#### WORK ORDER
Go through the records and extract every line with the word "styles".

● ● ●

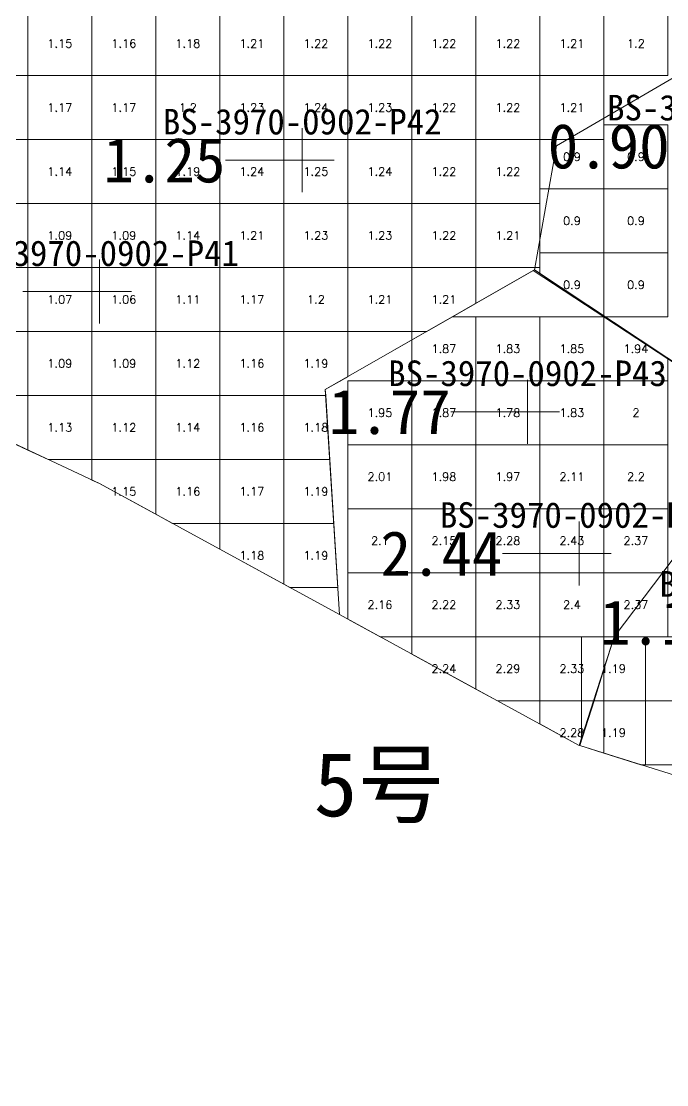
# Model space of a CAD drawing. Header units: inches. Extents: x 469880 to 469993, y 4349688 to 4349759.
# Drawn here: x 469897.44 to 469907.52, y 4349689.74 to 4349706.36 of the extents above; entities that cross this region are included whole.
import ezdxf
from ezdxf.enums import TextEntityAlignment as Align

# ---------------------------------------------------------------- set-up
doc = ezdxf.new("R2010")
doc.units = ezdxf.units.IN
doc.header["$MEASUREMENT"] = 0
for name, color, linetype, lineweight in [('孔口文字', 7, 'Continuous', 0), ('点', 7, 'Continuous', 0), ('爆区方格网', 7, 'Continuous', 0), ('线条', 7, 'Continuous', 0), ('钻孔', 7, 'Continuous', 0)]:
    doc.layers.add(name, color=color, linetype=linetype, lineweight=lineweight)
doc.styles.add('3dmine_textStyle_1', font='txt.shx', dxfattribs={"height": 1, "bigfont": 'gbcbig.shx'})
doc.styles.add('3dmine_textStyle_2', font='宋体.ttf', dxfattribs={"height": 1})
doc.styles.add('3dmine_textStyle_3', font='simsunb.ttf', dxfattribs={"height": 1})

msp = doc.modelspace()

# ---------------------------------------------------------------- hatches: boundary and pattern name
at = {"layer": '钻孔', "linetype": 'Continuous', "lineweight": 0, "true_color": 0x0000ff, "extrusion": (0, 1, 0)}
for points in [[(-469902.825, 3959.502), (-469901.825, 3959.502), (-469901.825, 3971.502), (-469902.825, 3971.502)], [(-469899.66, 3959.623), (-469898.66, 3959.623), (-469898.66, 3971.623), (-469899.66, 3971.623)]]:
    msp.add_hatch(color=5, dxfattribs=at).paths.add_polyline_path(points, flags=0)
at = {"layer": '钻孔', "linetype": 'Continuous', "lineweight": 0, "true_color": 0xff0000, "extrusion": (0, 1, 0)}
for points in [[(-469906.345, 3960.325), (-469905.345, 3960.325), (-469905.345, 3971.325), (-469906.345, 3971.325)], [(-469907.153, 3960.424), (-469906.153, 3960.424), (-469906.153, 3971.424), (-469907.153, 3971.424)]]:
    msp.add_hatch(color=1, dxfattribs=at).paths.add_polyline_path(points, flags=0)

# ---------------------------------------------------------------- linework, layer by layer
at = {"color": 5, "linetype": 'Continuous', "lineweight": 0, "true_color": 0x0000ff}
for points in [[(469922.715, 4349702.65), (469918.259, 4349703.257), (469916.336, 4349706.015), (469908.883, 4349706.209), (469905.8, 4349704.412), (469905.452, 4349702.475), (469902.186, 4349700.604), (469902.407, 4349697.09), (469898.66, 4349699.136), (469894.799, 4349700.944), (469896.801, 4349704.163), (469894.947, 4349705.902), (469891.977, 4349706.493), (469889.894, 4349706.624), (469888.385, 4349708.117), (469890.698, 4349710.086), (469888.746, 4349711.711), (469884.89, 4349709.988), (469881.832, 4349708.397), (469880.538, 4349711.441), (469883.538, 4349714.441)], [(469913.21, 4349689.742), (469915.547, 4349690.873), (469918.547, 4349693.873), (469918.261, 4349698.003), (469914.894, 4349700.922), (469912.103, 4349701.974), (469909.171, 4349700.013), (469906.698, 4349696.739), (469906.165, 4349695.041), (469909.582, 4349693.968), (469913.21, 4349689.742)]]:
    msp.add_lwpolyline(points, dxfattribs=at)
at = {"color": 4, "linetype": 'Continuous', "lineweight": 0, "true_color": 0x00ffff, "elevation": 3971.379}
msp.add_lwpolyline([(469918.259, 4349703.257), (469916.336, 4349706.015), (469908.883, 4349706.209), (469905.8, 4349704.412), (469905.452, 4349702.475), (469909.171, 4349700.013), (469912.103, 4349701.974), (469914.894, 4349700.922), (469918.259, 4349703.257)], dxfattribs=at)
at = {"color": 1, "linetype": 'Continuous', "lineweight": 0, "true_color": 0xff0000, "elevation": 1985.963}
msp.add_lwpolyline([(469905.433, 4349702.464), (469902.186, 4349700.604), (469902.407, 4349697.09), (469906.153, 4349695.045), (469906.698, 4349696.739), (469909.171, 4349700.013), (469905.433, 4349702.464)], dxfattribs=at)
at = {"layer": '点', "color": 138, "linetype": 'Continuous', "lineweight": 0, "true_color": 0x004c4c}
for points, elevation in [([(469901.825, 4349703.692), (469901.825, 4349704.692)], 3971.502), ([(469902.325, 4349704.192), (469901.325, 4349704.192)], 3971.502), ([(469898.66, 4349701.636), (469898.66, 4349702.636)], 3971.623), ([(469899.16, 4349702.136), (469898.16, 4349702.136)], 3971.623), ([(469905.345, 4349699.76), (469905.345, 4349700.76)], 3971.325), ([(469905.845, 4349700.26), (469904.845, 4349700.26)], 3971.325), ([(469906.153, 4349697.545), (469906.153, 4349698.545)], 3971.424), ([(469906.653, 4349698.045), (469905.653, 4349698.045)], 3971.424)]:
    msp.add_lwpolyline(points, dxfattribs=dict(at, elevation=elevation))
at = {"layer": '爆区方格网', "color": 5, "linetype": 'Continuous', "lineweight": 0, "true_color": 0x0000ff}
for points, elevation in [([(469897.539, 4349705.513), (469896.539, 4349705.513), (469896.539, 4349706.513), (469897.539, 4349706.513), (469897.539, 4349705.513)], 3971.535), ([(469898.539, 4349705.513), (469897.539, 4349705.513), (469897.539, 4349706.513), (469898.539, 4349706.513), (469898.539, 4349705.513)], 3971.535), ([(469899.539, 4349705.513), (469898.539, 4349705.513), (469898.539, 4349706.513), (469899.539, 4349706.513), (469899.539, 4349705.513)], 3971.535), ([(469900.539, 4349705.513), (469899.539, 4349705.513), (469899.539, 4349706.513), (469900.539, 4349706.513), (469900.539, 4349705.513)], 3971.535), ([(469901.539, 4349705.513), (469900.539, 4349705.513), (469900.539, 4349706.513), (469901.539, 4349706.513), (469901.539, 4349705.513)], 3971.535), ([(469902.539, 4349705.513), (469901.539, 4349705.513), (469901.539, 4349706.513), (469902.539, 4349706.513), (469902.539, 4349705.513)], 3971.535), ([(469903.539, 4349705.513), (469902.539, 4349705.513), (469902.539, 4349706.513), (469903.539, 4349706.513), (469903.539, 4349705.513)], 3971.535), ([(469904.539, 4349705.513), (469903.539, 4349705.513), (469903.539, 4349706.513), (469904.539, 4349706.513), (469904.539, 4349705.513)], 3971.535), ([(469905.539, 4349705.513), (469904.539, 4349705.513), (469904.539, 4349706.513), (469905.539, 4349706.513), (469905.539, 4349705.513)], 3971.535), ([(469906.539, 4349705.513), (469905.539, 4349705.513), (469905.539, 4349706.513), (469906.539, 4349706.513), (469906.539, 4349705.513)], 3971.535), ([(469907.539, 4349705.513), (469906.539, 4349705.513), (469906.539, 4349706.513), (469907.539, 4349706.513), (469907.539, 4349705.513)], 3971.535), ([(469897.539, 4349704.513), (469896.539, 4349704.513), (469896.539, 4349705.513), (469897.539, 4349705.513), (469897.539, 4349704.513)], 3971.535), ([(469898.539, 4349704.513), (469897.539, 4349704.513), (469897.539, 4349705.513), (469898.539, 4349705.513), (469898.539, 4349704.513)], 3971.535), ([(469899.539, 4349704.513), (469898.539, 4349704.513), (469898.539, 4349705.513), (469899.539, 4349705.513), (469899.539, 4349704.513)], 3971.535), ([(469900.539, 4349704.513), (469899.539, 4349704.513), (469899.539, 4349705.513), (469900.539, 4349705.513), (469900.539, 4349704.513)], 3971.535), ([(469901.539, 4349704.513), (469900.539, 4349704.513), (469900.539, 4349705.513), (469901.539, 4349705.513), (469901.539, 4349704.513)], 3971.535), ([(469902.539, 4349704.513), (469901.539, 4349704.513), (469901.539, 4349705.513), (469902.539, 4349705.513), (469902.539, 4349704.513)], 3971.535), ([(469903.539, 4349704.513), (469902.539, 4349704.513), (469902.539, 4349705.513), (469903.539, 4349705.513), (469903.539, 4349704.513)], 3971.535), ([(469904.539, 4349704.513), (469903.539, 4349704.513), (469903.539, 4349705.513), (469904.539, 4349705.513), (469904.539, 4349704.513)], 3971.535), ([(469905.539, 4349704.513), (469904.539, 4349704.513), (469904.539, 4349705.513), (469905.539, 4349705.513), (469905.539, 4349704.513)], 3971.535), ([(469906.539, 4349704.513), (469905.539, 4349704.513), (469905.539, 4349705.513), (469906.539, 4349705.513), (469906.539, 4349704.513)], 3971.535), ([(469897.539, 4349703.513), (469896.539, 4349703.513), (469896.539, 4349704.091), (469896.539, 4349704.513), (469897.539, 4349704.513), (469897.539, 4349703.513)], 3971.535), ([(469898.539, 4349703.513), (469897.539, 4349703.513), (469897.539, 4349704.513), (469898.539, 4349704.513), (469898.539, 4349703.513)], 3971.535), ([(469899.539, 4349703.513), (469898.539, 4349703.513), (469898.539, 4349704.513), (469899.539, 4349704.513), (469899.539, 4349703.513)], 3971.535), ([(469900.539, 4349703.513), (469899.539, 4349703.513), (469899.539, 4349704.513), (469900.539, 4349704.513), (469900.539, 4349703.513)], 3971.535), ([(469901.539, 4349703.513), (469900.539, 4349703.513), (469900.539, 4349704.513), (469901.539, 4349704.513), (469901.539, 4349703.513)], 3971.535), ([(469902.539, 4349703.513), (469901.539, 4349703.513), (469901.539, 4349704.513), (469902.539, 4349704.513), (469902.539, 4349703.513)], 3971.535), ([(469903.539, 4349703.513), (469902.539, 4349703.513), (469902.539, 4349704.513), (469903.539, 4349704.513), (469903.539, 4349703.513)], 3971.535), ([(469904.539, 4349703.513), (469903.539, 4349703.513), (469903.539, 4349704.513), (469904.539, 4349704.513), (469904.539, 4349703.513)], 3971.535), ([(469905.539, 4349703.513), (469904.539, 4349703.513), (469904.539, 4349704.513), (469905.539, 4349704.513), (469905.539, 4349703.513)], 3971.535), ([(469897.539, 4349702.513), (469896.539, 4349702.513), (469896.539, 4349703.091), (469896.539, 4349703.513), (469897.539, 4349703.513), (469897.539, 4349702.513)], 3971.535), ([(469898.539, 4349702.513), (469897.539, 4349702.513), (469897.539, 4349703.513), (469898.539, 4349703.513), (469898.539, 4349702.513)], 3971.535), ([(469899.539, 4349702.513), (469898.539, 4349702.513), (469898.539, 4349703.513), (469899.539, 4349703.513), (469899.539, 4349702.513)], 3971.535), ([(469900.539, 4349702.513), (469899.539, 4349702.513), (469899.539, 4349703.513), (469900.539, 4349703.513), (469900.539, 4349702.513)], 3971.535), ([(469901.539, 4349702.513), (469900.539, 4349702.513), (469900.539, 4349703.513), (469901.539, 4349703.513), (469901.539, 4349702.513)], 3971.535), ([(469902.539, 4349702.513), (469901.539, 4349702.513), (469901.539, 4349703.513), (469902.539, 4349703.513), (469902.539, 4349702.513)], 3971.535), ([(469903.539, 4349702.513), (469902.539, 4349702.513), (469902.539, 4349703.513), (469903.539, 4349703.513), (469903.539, 4349702.513)], 3971.535), ([(469904.539, 4349702.513), (469903.539, 4349702.513), (469903.539, 4349703.513), (469904.539, 4349703.513), (469904.539, 4349702.513)], 3971.535), ([(469905.539, 4349702.513), (469904.539, 4349702.513), (469904.539, 4349703.513), (469905.539, 4349703.513), (469905.539, 4349702.513)], 3971.535), ([(469897.539, 4349701.513), (469896.539, 4349701.513), (469896.539, 4349702.513), (469897.539, 4349702.513), (469897.539, 4349701.513)], 3971.535), ([(469898.539, 4349701.513), (469897.539, 4349701.513), (469897.539, 4349702.513), (469898.539, 4349702.513), (469898.539, 4349701.513)], 3971.535), ([(469899.539, 4349701.513), (469898.539, 4349701.513), (469898.539, 4349702.513), (469899.539, 4349702.513), (469899.539, 4349701.513)], 3971.535), ([(469900.539, 4349701.513), (469899.539, 4349701.513), (469899.539, 4349702.513), (469900.539, 4349702.513), (469900.539, 4349701.513)], 3971.535), ([(469901.539, 4349701.513), (469900.539, 4349701.513), (469900.539, 4349702.513), (469901.539, 4349702.513), (469901.539, 4349701.513)], 3971.535), ([(469902.539, 4349701.513), (469901.539, 4349701.513), (469901.539, 4349702.513), (469902.539, 4349702.513), (469902.539, 4349701.513)], 3971.535), ([(469903.539, 4349701.513), (469902.539, 4349701.513), (469902.539, 4349702.513), (469903.539, 4349702.513), (469903.539, 4349701.513)], 3971.535), ([(469904.539, 4349701.952), (469903.772, 4349701.513), (469903.539, 4349701.513), (469903.539, 4349702.513), (469904.539, 4349702.513), (469904.539, 4349701.952)], 3971.535), ([(469897.539, 4349700.513), (469896.539, 4349700.513), (469896.539, 4349701.513), (469897.539, 4349701.513), (469897.539, 4349700.513)], 3971.535), ([(469898.539, 4349700.513), (469897.539, 4349700.513), (469897.539, 4349701.513), (469898.539, 4349701.513), (469898.539, 4349700.513)], 3971.535), ([(469899.539, 4349700.513), (469898.539, 4349700.513), (469898.539, 4349701.513), (469899.539, 4349701.513), (469899.539, 4349700.513)], 3971.535), ([(469900.539, 4349700.513), (469899.539, 4349700.513), (469899.539, 4349701.513), (469900.539, 4349701.513), (469900.539, 4349700.513)], 3971.535), ([(469901.539, 4349700.513), (469900.539, 4349700.513), (469900.539, 4349701.513), (469901.539, 4349701.513), (469901.539, 4349700.513)], 3971.535), ([(469902.539, 4349700.806), (469902.186, 4349700.604), (469902.192, 4349700.513), (469901.539, 4349700.513), (469901.539, 4349701.513), (469902.539, 4349701.513), (469902.539, 4349700.806)], 3971.535), ([(469897.539, 4349699.661), (469896.539, 4349700.129), (469896.539, 4349700.513), (469897.539, 4349700.513), (469897.539, 4349699.661)], 3971.535), ([(469898.539, 4349699.513), (469897.855, 4349699.513), (469897.539, 4349699.661), (469897.539, 4349700.513), (469898.539, 4349700.513), (469898.539, 4349699.513)], 3971.535), ([(469899.539, 4349699.513), (469898.539, 4349699.513), (469898.539, 4349700.513), (469899.539, 4349700.513), (469899.539, 4349699.513)], 3971.535), ([(469900.539, 4349699.513), (469899.539, 4349699.513), (469899.539, 4349700.513), (469900.539, 4349700.513), (469900.539, 4349699.513)], 3971.535), ([(469901.539, 4349699.513), (469900.539, 4349699.513), (469900.539, 4349700.513), (469901.539, 4349700.513), (469901.539, 4349699.513)], 3971.535), ([(469902.255, 4349699.513), (469901.539, 4349699.513), (469901.539, 4349700.513), (469902.192, 4349700.513), (469902.255, 4349699.513)], 3971.535), ([(469899.539, 4349698.656), (469898.66, 4349699.136), (469898.539, 4349699.192), (469898.539, 4349699.513), (469899.539, 4349699.513), (469899.539, 4349698.656)], 3971.535), ([(469900.539, 4349698.513), (469899.801, 4349698.513), (469899.539, 4349698.656), (469899.539, 4349699.513), (469900.539, 4349699.513), (469900.539, 4349698.513)], 3971.535), ([(469901.539, 4349698.513), (469900.539, 4349698.513), (469900.539, 4349699.513), (469901.539, 4349699.513), (469901.539, 4349698.513)], 3971.535), ([(469902.318, 4349698.513), (469901.539, 4349698.513), (469901.539, 4349699.513), (469902.255, 4349699.513), (469902.318, 4349698.513)], 3971.535), ([(469901.539, 4349697.564), (469900.539, 4349698.11), (469900.539, 4349698.513), (469901.539, 4349698.513), (469901.539, 4349697.564)], 3971.535), ([(469902.38, 4349697.513), (469901.633, 4349697.513), (469901.539, 4349697.564), (469901.539, 4349698.513), (469902.318, 4349698.513), (469902.38, 4349697.513)], 3971.535), ([(469907.187, 4349695.743), (469906.539, 4349695.743), (469906.539, 4349696.232), (469906.539, 4349696.232), (469906.698, 4349696.739), (469906.378, 4349695.743), (469906.187, 4349695.743), (469906.187, 4349696.743), (469907.187, 4349696.743), (469907.187, 4349695.743)], 3971.672), ([(469908.187, 4349695.743), (469907.187, 4349695.743), (469907.187, 4349696.743), (469908.187, 4349696.743), (469908.187, 4349695.743)], 3971.672), ([(469906.187, 4349695.151), (469906.187, 4349695.743), (469906.378, 4349695.743), (469906.187, 4349695.151)], 3971.672), ([(469907.187, 4349694.743), (469907.114, 4349694.743), (469906.539, 4349694.924), (469906.539, 4349694.924), (469906.539, 4349695.743), (469907.187, 4349695.743), (469907.187, 4349694.743)], 3971.672), ([(469908.187, 4349694.743), (469907.187, 4349694.743), (469907.187, 4349695.743), (469908.187, 4349695.743), (469908.187, 4349694.743)], 3971.672)]:
    msp.add_lwpolyline(points, dxfattribs=dict(at, elevation=elevation))
at = {"layer": '爆区方格网', "color": 4, "linetype": 'Continuous', "lineweight": 0, "true_color": 0x00ffff, "elevation": 3971.804}
for points in [[(469907.539, 4349703.743), (469906.539, 4349703.743), (469906.539, 4349704.513), (469906.539, 4349704.743), (469907.539, 4349704.743), (469907.539, 4349703.743)], [(469906.539, 4349703.743), (469905.539, 4349703.743), (469905.539, 4349704.513), (469906.539, 4349704.513), (469906.539, 4349703.743)], [(469906.539, 4349702.743), (469905.539, 4349702.743), (469905.539, 4349703.743), (469906.539, 4349703.743), (469906.539, 4349702.743)], [(469907.539, 4349702.743), (469906.539, 4349702.743), (469906.539, 4349703.743), (469907.539, 4349703.743), (469907.539, 4349702.743)], [(469906.539, 4349701.755), (469905.539, 4349702.417), (469905.539, 4349702.513), (469905.539, 4349702.743), (469906.539, 4349702.743), (469906.539, 4349701.755)], [(469907.539, 4349701.743), (469906.557, 4349701.743), (469906.539, 4349701.755), (469906.539, 4349702.743), (469907.539, 4349702.743), (469907.539, 4349701.743)]]:
    msp.add_lwpolyline(points, dxfattribs=at)
at = {"layer": '爆区方格网', "color": 1, "linetype": 'Continuous', "lineweight": 0, "true_color": 0xff0000, "elevation": 3971.424}
for points in [[(469904.539, 4349700.743), (469903.539, 4349700.743), (469903.539, 4349701.513), (469903.772, 4349701.513), (469904.175, 4349701.743), (469904.539, 4349701.743), (469904.539, 4349700.743)], [(469905.539, 4349700.743), (469904.539, 4349700.743), (469904.539, 4349701.743), (469905.539, 4349701.743), (469905.539, 4349700.743)], [(469906.539, 4349700.743), (469905.539, 4349700.743), (469905.539, 4349701.743), (469906.539, 4349701.743), (469906.539, 4349700.743)], [(469907.539, 4349701.093), (469907.539, 4349700.743), (469906.539, 4349700.743), (469906.539, 4349701.743), (469906.557, 4349701.743), (469907.539, 4349701.093)], [(469903.539, 4349699.743), (469902.539, 4349699.743), (469902.539, 4349700.743), (469903.539, 4349700.743), (469903.539, 4349699.743)], [(469904.539, 4349699.743), (469903.539, 4349699.743), (469903.539, 4349700.743), (469904.539, 4349700.743), (469904.539, 4349699.743)], [(469905.539, 4349699.743), (469904.539, 4349699.743), (469904.539, 4349700.743), (469905.539, 4349700.743), (469905.539, 4349699.743)], [(469906.539, 4349699.743), (469905.539, 4349699.743), (469905.539, 4349700.743), (469906.539, 4349700.743), (469906.539, 4349699.743)], [(469907.539, 4349699.743), (469906.539, 4349699.743), (469906.539, 4349700.743), (469907.539, 4349700.743), (469907.539, 4349699.743)], [(469903.539, 4349698.743), (469902.539, 4349698.743), (469902.539, 4349699.743), (469903.539, 4349699.743), (469903.539, 4349698.743)], [(469904.539, 4349698.743), (469903.539, 4349698.743), (469903.539, 4349699.743), (469904.539, 4349699.743), (469904.539, 4349698.743)], [(469905.539, 4349698.743), (469904.539, 4349698.743), (469904.539, 4349699.743), (469905.539, 4349699.743), (469905.539, 4349698.743)], [(469906.539, 4349698.743), (469905.539, 4349698.743), (469905.539, 4349699.743), (469906.539, 4349699.743), (469906.539, 4349698.743)], [(469907.539, 4349698.743), (469906.539, 4349698.743), (469906.539, 4349699.743), (469907.539, 4349699.743), (469907.539, 4349698.743)], [(469903.539, 4349697.743), (469902.539, 4349697.743), (469902.539, 4349698.743), (469903.539, 4349698.743), (469903.539, 4349697.743)], [(469904.539, 4349697.743), (469903.539, 4349697.743), (469903.539, 4349698.743), (469904.539, 4349698.743), (469904.539, 4349697.743)], [(469905.539, 4349697.743), (469904.539, 4349697.743), (469904.539, 4349698.743), (469905.539, 4349698.743), (469905.539, 4349697.743)], [(469906.539, 4349697.743), (469905.539, 4349697.743), (469905.539, 4349698.743), (469906.539, 4349698.743), (469906.539, 4349697.743)], [(469907.539, 4349697.743), (469906.539, 4349697.743), (469906.539, 4349698.743), (469907.539, 4349698.743), (469907.539, 4349697.743)], [(469903.539, 4349696.743), (469903.043, 4349696.743), (469902.539, 4349697.018), (469902.539, 4349697.743), (469903.539, 4349697.743), (469903.539, 4349696.743)], [(469904.539, 4349696.743), (469903.539, 4349696.743), (469903.539, 4349697.743), (469904.539, 4349697.743), (469904.539, 4349696.743)], [(469905.539, 4349696.743), (469904.539, 4349696.743), (469904.539, 4349697.743), (469905.539, 4349697.743), (469905.539, 4349696.743)], [(469906.539, 4349696.743), (469905.539, 4349696.743), (469905.539, 4349697.743), (469906.539, 4349697.743), (469906.539, 4349696.743)], [(469907.539, 4349696.743), (469906.539, 4349696.743), (469906.539, 4349697.743), (469907.539, 4349697.743), (469907.539, 4349696.743)], [(469904.539, 4349695.926), (469903.539, 4349696.472), (469903.539, 4349696.743), (469904.539, 4349696.743), (469904.539, 4349695.926)], [(469905.539, 4349695.743), (469904.874, 4349695.743), (469904.539, 4349695.926), (469904.539, 4349696.743), (469905.539, 4349696.743), (469905.539, 4349695.743)], [(469906.539, 4349696.244), (469906.378, 4349695.743), (469905.539, 4349695.743), (469905.539, 4349696.743), (469906.539, 4349696.743), (469906.539, 4349696.244)], [(469906.539, 4349695.743), (469906.386, 4349695.743), (469906.539, 4349696.232), (469906.539, 4349695.743)], [(469906.153, 4349695.045), (469905.539, 4349695.38), (469905.539, 4349695.743), (469906.378, 4349695.743), (469906.153, 4349695.045)], [(469906.539, 4349694.924), (469906.165, 4349695.041), (469906.386, 4349695.743), (469906.539, 4349695.743), (469906.539, 4349694.924)]]:
    msp.add_lwpolyline(points, dxfattribs=at)
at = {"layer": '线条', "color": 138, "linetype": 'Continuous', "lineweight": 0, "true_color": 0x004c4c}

● ● ●

#### SOLUTION TO THIS TASK
doc.styles.add('3dmine_textStyle_1', font='txt.shx', dxfattribs={"height": 1, "bigfont": 'gbcbig.shx'})
doc.styles.add('3dmine_textStyle_2', font='宋体.ttf', dxfattribs={"height": 1})
doc.styles.add('3dmine_textStyle_3', font='simsunb.ttf', dxfattribs={"height": 1})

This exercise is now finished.